#### DATA PROVIDED ####

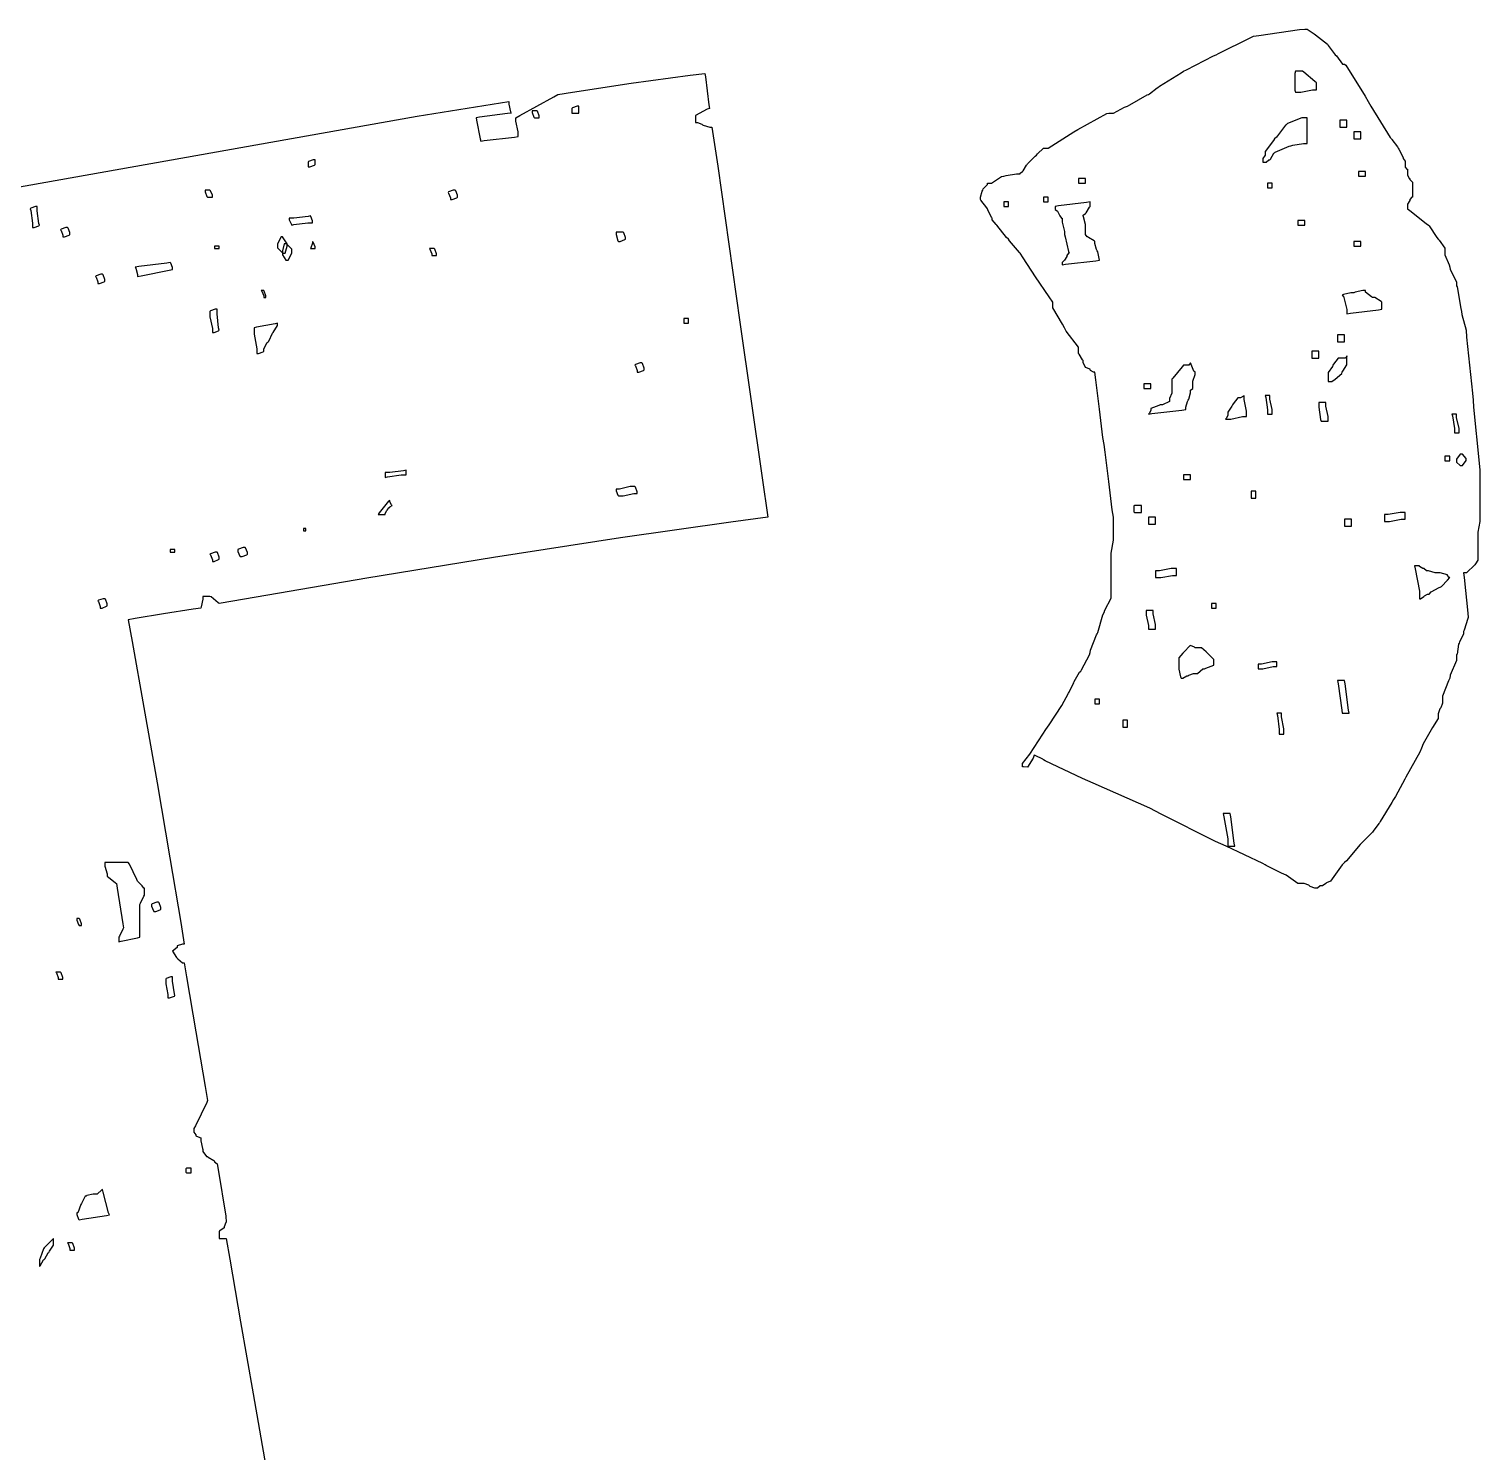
# Model space of a CAD drawing. Extents: x 54 to 303, y 49 to 296.
# Drawn here: x 120.39 to 142.31, y 272.04 to 293.55 of the extents above; entities that cross this region are included whole.
import ezdxf

# ---------------------------------------------------------------- set-up
doc = ezdxf.new("R2010")
doc.units = 0
doc.header["$MEASUREMENT"] = 0

msp = doc.modelspace()

# ---------------------------------------------------------------- linework, layer by layer
at = {"color": 7}
for points in [[(135.396, 282.399), (135.396, 282.447), (135.507, 282.589), (135.705, 282.893), (135.749, 282.964), (135.801, 283.034), (135.99, 283.325), (136.092, 283.511), (136.102, 283.527), (136.102, 283.527), (136.163, 283.651), (136.172, 283.669), (136.18, 283.687), (136.26, 283.828), (136.278, 283.846), (136.287, 283.863), (136.409, 284.092), (136.419, 284.127), (136.427, 284.163), (136.515, 284.393), (136.525, 284.409), (136.533, 284.427), (136.613, 284.693), (136.631, 284.728), (136.639, 284.763), (136.737, 284.948), (136.737, 285.008), (136.737, 285.008), (136.737, 285.195), (136.737, 285.257), (136.737, 285.327), (136.737, 285.485), (136.737, 285.538), (136.737, 285.626), (136.772, 285.824), (136.772, 285.89), (136.772, 285.962), (136.772, 286.121), (136.772, 286.173), (136.754, 286.279), (136.701, 286.708), (136.648, 287.153), (136.631, 287.267), (136.613, 287.373), (136.56, 287.802), (136.507, 288.246), (136.489, 288.36), (136.471, 288.36), (136.427, 288.388), (136.419, 288.396), (136.419, 288.405), (136.349, 288.432), (136.349, 288.432), (136.349, 288.432), (136.313, 288.51), (136.313, 288.536), (136.303, 288.546), (136.251, 288.634), (136.242, 288.642), (136.242, 288.74), (136.058, 288.979), (136.032, 289.031), (136.004, 289.085), (135.855, 289.336), (135.855, 289.418), (135.801, 289.498), (135.593, 289.803), (135.405, 290.09), (135.36, 290.16), (135.351, 290.169), (135.201, 290.346), (135.184, 290.372), (135.157, 290.398), (135.008, 290.583), (135.008, 290.583), (134.998, 290.593), (134.938, 290.666), (134.938, 290.689), (134.928, 290.698), (134.875, 290.813), (134.867, 290.829), (134.857, 290.847), (134.769, 290.963), (134.761, 290.971), (134.761, 291.007), (134.787, 291.095), (134.797, 291.112), (134.805, 291.13), (134.867, 291.196), (134.867, 291.218), (134.928, 291.218), (135.078, 291.316), (135.114, 291.324), (135.148, 291.334), (135.307, 291.358), (135.36, 291.358), (135.36, 291.368), (135.396, 291.394), (135.396, 291.394), (135.405, 291.404), (135.457, 291.492), (135.467, 291.501), (135.475, 291.51), (135.589, 291.624), (135.607, 291.641), (135.625, 291.659), (135.717, 291.747), (135.749, 291.747), (135.785, 291.747), (135.894, 291.819), (136.119, 291.96), (136.172, 291.994), (136.233, 292.03), (136.674, 292.268), (136.701, 292.276), (136.772, 292.276), (136.94, 292.366), (136.984, 292.383), (137.018, 292.401), (137.283, 292.55), (137.301, 292.559), (137.317, 292.568), (137.433, 292.657), (137.443, 292.665), (137.469, 292.683), (137.794, 292.886), (137.83, 292.912), (137.874, 292.93), (138.281, 293.142), (138.325, 293.158), (138.359, 293.176), (138.835, 293.415), (138.888, 293.441), (138.967, 293.45), (139.584, 293.539), (139.664, 293.547), (139.699, 293.547), (139.788, 293.485), (139.806, 293.475), (139.823, 293.459), (140.007, 293.317), (140.017, 293.299), (140.017, 293.299), (140.105, 293.176), (140.123, 293.158), (140.14, 293.142), (140.233, 293.018), (140.265, 293.018), (140.281, 293), (140.574, 292.533), (140.618, 292.453), (140.662, 292.383), (140.953, 291.906), (140.971, 291.888), (140.979, 291.88), (141.066, 291.765), (141.075, 291.747), (141.084, 291.731), (141.147, 291.607), (141.147, 291.607), (141.147, 291.589), (141.181, 291.549), (141.181, 291.535), (141.181, 291.519), (141.181, 291.478), (141.181, 291.465), (141.181, 291.457), (141.207, 291.43), (141.217, 291.43), (141.217, 291.412), (141.217, 291.373), (141.217, 291.358), (141.217, 291.342), (141.242, 291.288), (141.252, 291.288), (141.252, 291.272), (141.288, 291.232), (141.288, 291.218), (141.288, 291.201), (141.288, 291.148), (141.288, 291.148), (141.288, 291.131), (141.288, 291.078), (141.288, 291.078), (141.288, 291.06), (141.288, 291.02), (141.288, 291.006), (141.278, 291.006), (141.252, 290.971), (141.252, 290.971), (141.252, 290.955), (141.217, 290.901), (141.217, 290.901), (141.217, 290.865), (141.217, 290.829), (141.252, 290.803), (141.498, 290.61), (141.534, 290.583), (141.543, 290.575), (141.658, 290.398), (141.676, 290.372), (141.692, 290.354), (141.781, 290.236), (141.781, 290.196), (141.781, 290.134), (141.843, 289.983), (141.853, 289.947), (141.861, 289.913), (141.957, 289.728), (141.957, 289.667), (141.966, 289.649), (142.019, 289.322), (142.029, 289.278), (142.037, 289.234), (142.099, 288.995), (142.099, 288.995), (142.107, 288.89), (142.196, 288.043), (142.205, 287.937), (142.214, 287.832), (142.3, 286.985), (142.31, 286.879), (142.31, 286.8), (142.31, 286.622), (142.31, 286.562), (142.31, 286.465), (142.31, 286.246), (142.31, 286.173), (142.31, 286.103), (142.276, 285.944), (142.276, 285.89), (142.276, 285.838), (142.276, 285.68), (142.276, 285.68), (142.276, 285.663), (142.276, 285.623), (142.276, 285.61), (142.276, 285.61), (142.276, 285.556), (142.276, 285.538), (142.276, 285.521), (142.24, 285.467), (142.24, 285.467), (142.23, 285.451), (142.105, 285.327), (142.063, 285.327), (142.072, 285.257), (142.124, 284.718), (142.133, 284.656), (142.124, 284.639), (142.072, 284.463), (142.063, 284.445), (142.063, 284.401), (142.001, 284.287), (141.993, 284.269), (141.984, 284.252), (141.966, 284.102), (141.957, 284.092), (141.957, 284.004), (141.861, 283.784), (141.853, 283.74), (141.835, 283.695), (141.746, 283.464), (141.746, 283.387), (141.746, 283.361), (141.719, 283.29), (141.71, 283.281), (141.701, 283.272), (141.676, 283.199), (141.676, 283.174), (141.676, 283.13), (141.591, 282.994), (141.454, 282.743), (141.428, 282.681), (141.402, 282.621), (141.19, 282.24), (141.181, 282.222), (141.172, 282.214), (141.031, 281.95), (141.005, 281.905), (140.977, 281.861), (140.802, 281.57), (140.794, 281.553), (140.784, 281.544), (140.696, 281.428), (140.688, 281.41), (140.67, 281.394), (140.52, 281.244), (140.512, 281.234), (140.502, 281.226), (140.291, 280.979), (140.265, 280.952), (140.229, 280.917), (140.053, 280.671), (140.053, 280.671), (140.053, 280.671), (139.991, 280.644), (139.983, 280.635), (139.983, 280.635), (139.929, 280.599), (139.912, 280.599), (139.894, 280.599), (139.853, 280.565), (139.84, 280.565), (139.814, 280.565), (139.744, 280.591), (139.736, 280.599), (139.726, 280.609), (139.653, 280.635), (139.63, 280.635), (139.558, 280.635), (139.382, 280.759), (139.347, 280.775), (139.311, 280.793), (139.081, 280.909), (139.065, 280.917), (139.029, 280.935), (138.473, 281.2), (138.395, 281.234), (138.315, 281.27), (137.495, 281.685), (137.407, 281.729), (137.319, 281.773), (136.463, 282.152), (136.385, 282.186), (136.305, 282.222), (135.739, 282.488), (135.713, 282.505), (135.704, 282.514), (135.589, 282.567), (135.573, 282.575), (135.559, 282.527), (135.471, 282.394), (135.414, 282.399), (135.396, 282.399)], [(139.524, 292.593), (139.602, 292.593), (139.78, 292.629), (139.84, 292.629), (139.84, 292.657), (139.84, 292.716), (139.84, 292.735), (139.814, 292.753), (139.646, 292.895), (139.63, 292.912), (139.594, 292.912), (139.576, 292.912), (139.536, 292.912), (139.524, 292.912), (139.514, 292.877), (139.514, 292.621), (139.524, 292.593)], [(128.022, 292.206), (128.04, 292.206), (128.081, 292.206), (128.094, 292.206), (128.094, 292.234), (128.066, 292.304), (128.058, 292.312), (128.04, 292.312), (128, 292.312), (127.988, 292.312), (127.988, 292.286), (128.013, 292.216), (128.022, 292.206)], [(128.588, 292.276), (128.614, 292.276), (128.673, 292.276), (128.694, 292.276), (128.694, 292.304), (128.694, 292.363), (128.694, 292.383), (128.666, 292.383), (128.596, 292.356), (128.588, 292.347), (128.588, 292.347), (128.588, 292.294), (128.588, 292.276)], [(139.7, 292.206), (139.62, 292.206), (139.399, 292.118), (139.383, 292.1), (139.373, 292.092), (139.233, 291.915), (139.207, 291.888), (139.189, 291.862), (139.065, 291.696), (139.065, 291.641), (139.065, 291.641), (139.03, 291.589), (139.03, 291.571), (139.03, 291.535), (139.065, 291.535), (139.081, 291.535), (139.121, 291.571), (139.135, 291.571), (139.143, 291.58), (139.197, 291.669), (139.207, 291.677), (139.215, 291.687), (139.426, 291.775), (139.453, 291.783), (139.48, 291.793), (139.645, 291.817), (139.7, 291.817), (139.7, 291.915), (139.7, 292.135), (139.7, 292.206)], [(140.193, 292.064), (140.22, 292.064), (140.279, 292.064), (140.299, 292.064), (140.299, 292.092), (140.299, 292.151), (140.299, 292.17), (140.272, 292.17), (140.213, 292.17), (140.193, 292.17), (140.193, 292.144), (140.193, 292.085), (140.193, 292.064)], [(140.406, 291.888), (140.432, 291.888), (140.491, 291.888), (140.512, 291.888), (140.512, 291.915), (140.512, 291.975), (140.512, 291.994), (140.484, 291.994), (140.425, 291.994), (140.406, 291.994), (140.406, 291.968), (140.406, 291.908), (140.406, 291.888)], [(124.601, 291.465), (124.627, 291.465), (124.697, 291.492), (124.707, 291.501), (124.707, 291.519), (124.707, 291.558), (124.707, 291.571), (124.679, 291.571), (124.609, 291.545), (124.601, 291.535), (124.601, 291.519), (124.601, 291.478), (124.601, 291.465)], [(140.476, 291.324), (140.502, 291.324), (140.561, 291.324), (140.582, 291.324), (140.582, 291.342), (140.582, 291.382), (140.582, 291.394), (140.554, 291.394), (140.495, 291.394), (140.476, 291.394), (140.476, 291.378), (140.476, 291.324), (140.476, 291.324)], [(136.242, 291.218), (136.269, 291.218), (136.328, 291.218), (136.349, 291.218), (136.349, 291.236), (136.349, 291.276), (136.349, 291.288), (136.321, 291.288), (136.262, 291.288), (136.242, 291.288), (136.242, 291.272), (136.242, 291.232), (136.242, 291.218)], [(139.101, 291.148), (139.117, 291.148), (139.157, 291.148), (139.171, 291.148), (139.171, 291.166), (139.171, 291.206), (139.171, 291.218), (139.153, 291.218), (139.113, 291.218), (139.101, 291.218), (139.101, 291.201), (139.101, 291.162), (139.101, 291.148)], [(123.083, 291.006), (123.101, 291.006), (123.142, 291.006), (123.155, 291.006), (123.155, 291.034), (123.128, 291.104), (123.119, 291.112), (123.101, 291.112), (123.062, 291.112), (123.049, 291.112), (123.049, 291.086), (123.074, 291.016), (123.083, 291.006)], [(126.753, 290.971), (126.78, 290.971), (126.85, 290.998), (126.86, 291.006), (126.86, 291.034), (126.832, 291.104), (126.824, 291.112), (126.796, 291.112), (126.726, 291.087), (126.717, 291.078), (126.726, 291.069), (126.753, 290.996), (126.753, 290.971)], [(135.713, 290.935), (135.73, 290.935), (135.77, 290.935), (135.783, 290.935), (135.783, 290.953), (135.783, 290.993), (135.783, 291.006), (135.766, 291.006), (135.726, 291.006), (135.713, 291.006), (135.713, 290.989), (135.713, 290.949), (135.713, 290.935)], [(120.438, 290.548), (120.464, 290.548), (120.534, 290.575), (120.544, 290.583), (120.534, 290.61), (120.51, 290.802), (120.51, 290.865), (120.482, 290.865), (120.412, 290.839), (120.403, 290.829), (120.412, 290.803), (120.438, 290.613), (120.438, 290.548)], [(135.114, 290.865), (135.13, 290.865), (135.17, 290.865), (135.184, 290.865), (135.184, 290.883), (135.184, 290.923), (135.184, 290.935), (135.166, 290.935), (135.126, 290.935), (135.114, 290.935), (135.114, 290.919), (135.114, 290.879), (135.114, 290.865)], [(136.102, 290.16), (136.092, 290.16), (136.066, 290.124), (136.066, 290.124), (136.066, 290.108), (136.032, 290.054), (136.032, 290.054), (135.996, 290.019), (135.996, 289.983), (136.048, 289.993), (136.507, 290.045), (136.561, 290.054), (136.561, 290.054), (136.533, 290.178), (136.525, 290.196), (136.515, 290.213), (136.489, 290.306), (136.489, 290.336), (136.479, 290.346), (136.393, 290.398), (136.385, 290.406), (136.375, 290.406), (136.349, 290.442), (136.349, 290.442), (136.349, 290.47), (136.349, 290.529), (136.349, 290.548), (136.349, 290.593), (136.321, 290.707), (136.313, 290.725), (136.313, 290.734), (136.349, 290.759), (136.349, 290.759), (136.357, 290.769), (136.409, 290.857), (136.419, 290.865), (136.419, 290.883), (136.419, 290.923), (136.419, 290.935), (136.365, 290.927), (135.942, 290.875), (135.89, 290.865), (135.89, 290.829), (135.89, 290.821), (135.926, 290.795), (135.926, 290.795), (135.96, 290.725), (135.96, 290.725), (135.986, 290.689), (135.996, 290.689), (135.996, 290.628), (136.032, 290.489), (136.032, 290.442), (136.04, 290.408), (136.092, 290.187), (136.102, 290.16)], [(120.897, 290.406), (120.923, 290.406), (120.993, 290.434), (121.003, 290.442), (121.003, 290.47), (120.975, 290.54), (120.967, 290.548), (120.941, 290.548), (120.87, 290.522), (120.862, 290.513), (120.87, 290.504), (120.897, 290.431), (120.897, 290.406)], [(124.354, 290.583), (124.389, 290.593), (124.599, 290.619), (124.671, 290.619), (124.671, 290.646), (124.645, 290.716), (124.637, 290.725), (124.601, 290.716), (124.389, 290.689), (124.318, 290.689), (124.318, 290.663), (124.345, 290.601), (124.354, 290.583)], [(139.56, 290.583), (139.586, 290.583), (139.644, 290.583), (139.664, 290.583), (139.664, 290.601), (139.664, 290.641), (139.664, 290.653), (139.638, 290.653), (139.579, 290.653), (139.56, 290.653), (139.56, 290.653), (139.56, 290.601), (139.56, 290.583)], [(124.214, 290.406), (124.196, 290.406), (124.142, 290.302), (124.142, 290.266), (124.142, 290.24), (124.22, 290.16), (124.248, 290.16), (124.256, 290.16), (124.284, 290.266), (124.284, 290.3), (124.274, 290.318), (124.214, 290.406), (124.214, 290.406)], [(124.248, 290.3), (124.238, 290.3), (124.214, 290.196), (124.214, 290.16), (124.214, 290.134), (124.266, 290.054), (124.284, 290.054), (124.301, 290.054), (124.354, 290.161), (124.354, 290.196), (124.354, 290.222), (124.274, 290.3), (124.248, 290.3)], [(124.637, 290.23), (124.653, 290.23), (124.693, 290.23), (124.707, 290.23), (124.707, 290.257), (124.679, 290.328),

####

Copy, word for word, the entries above from the first line to the line that holds "msp = doc.modelspace()". Drop the pictures.

# Model space of a CAD drawing. Extents: x 54 to 303, y 49 to 296.
# Drawn here: x 120.39 to 142.31, y 272.04 to 293.55 of the extents above; entities that cross this region are included whole.
import ezdxf

# ---------------------------------------------------------------- set-up
doc = ezdxf.new("R2010")
doc.units = 0
doc.header["$MEASUREMENT"] = 0

msp = doc.modelspace()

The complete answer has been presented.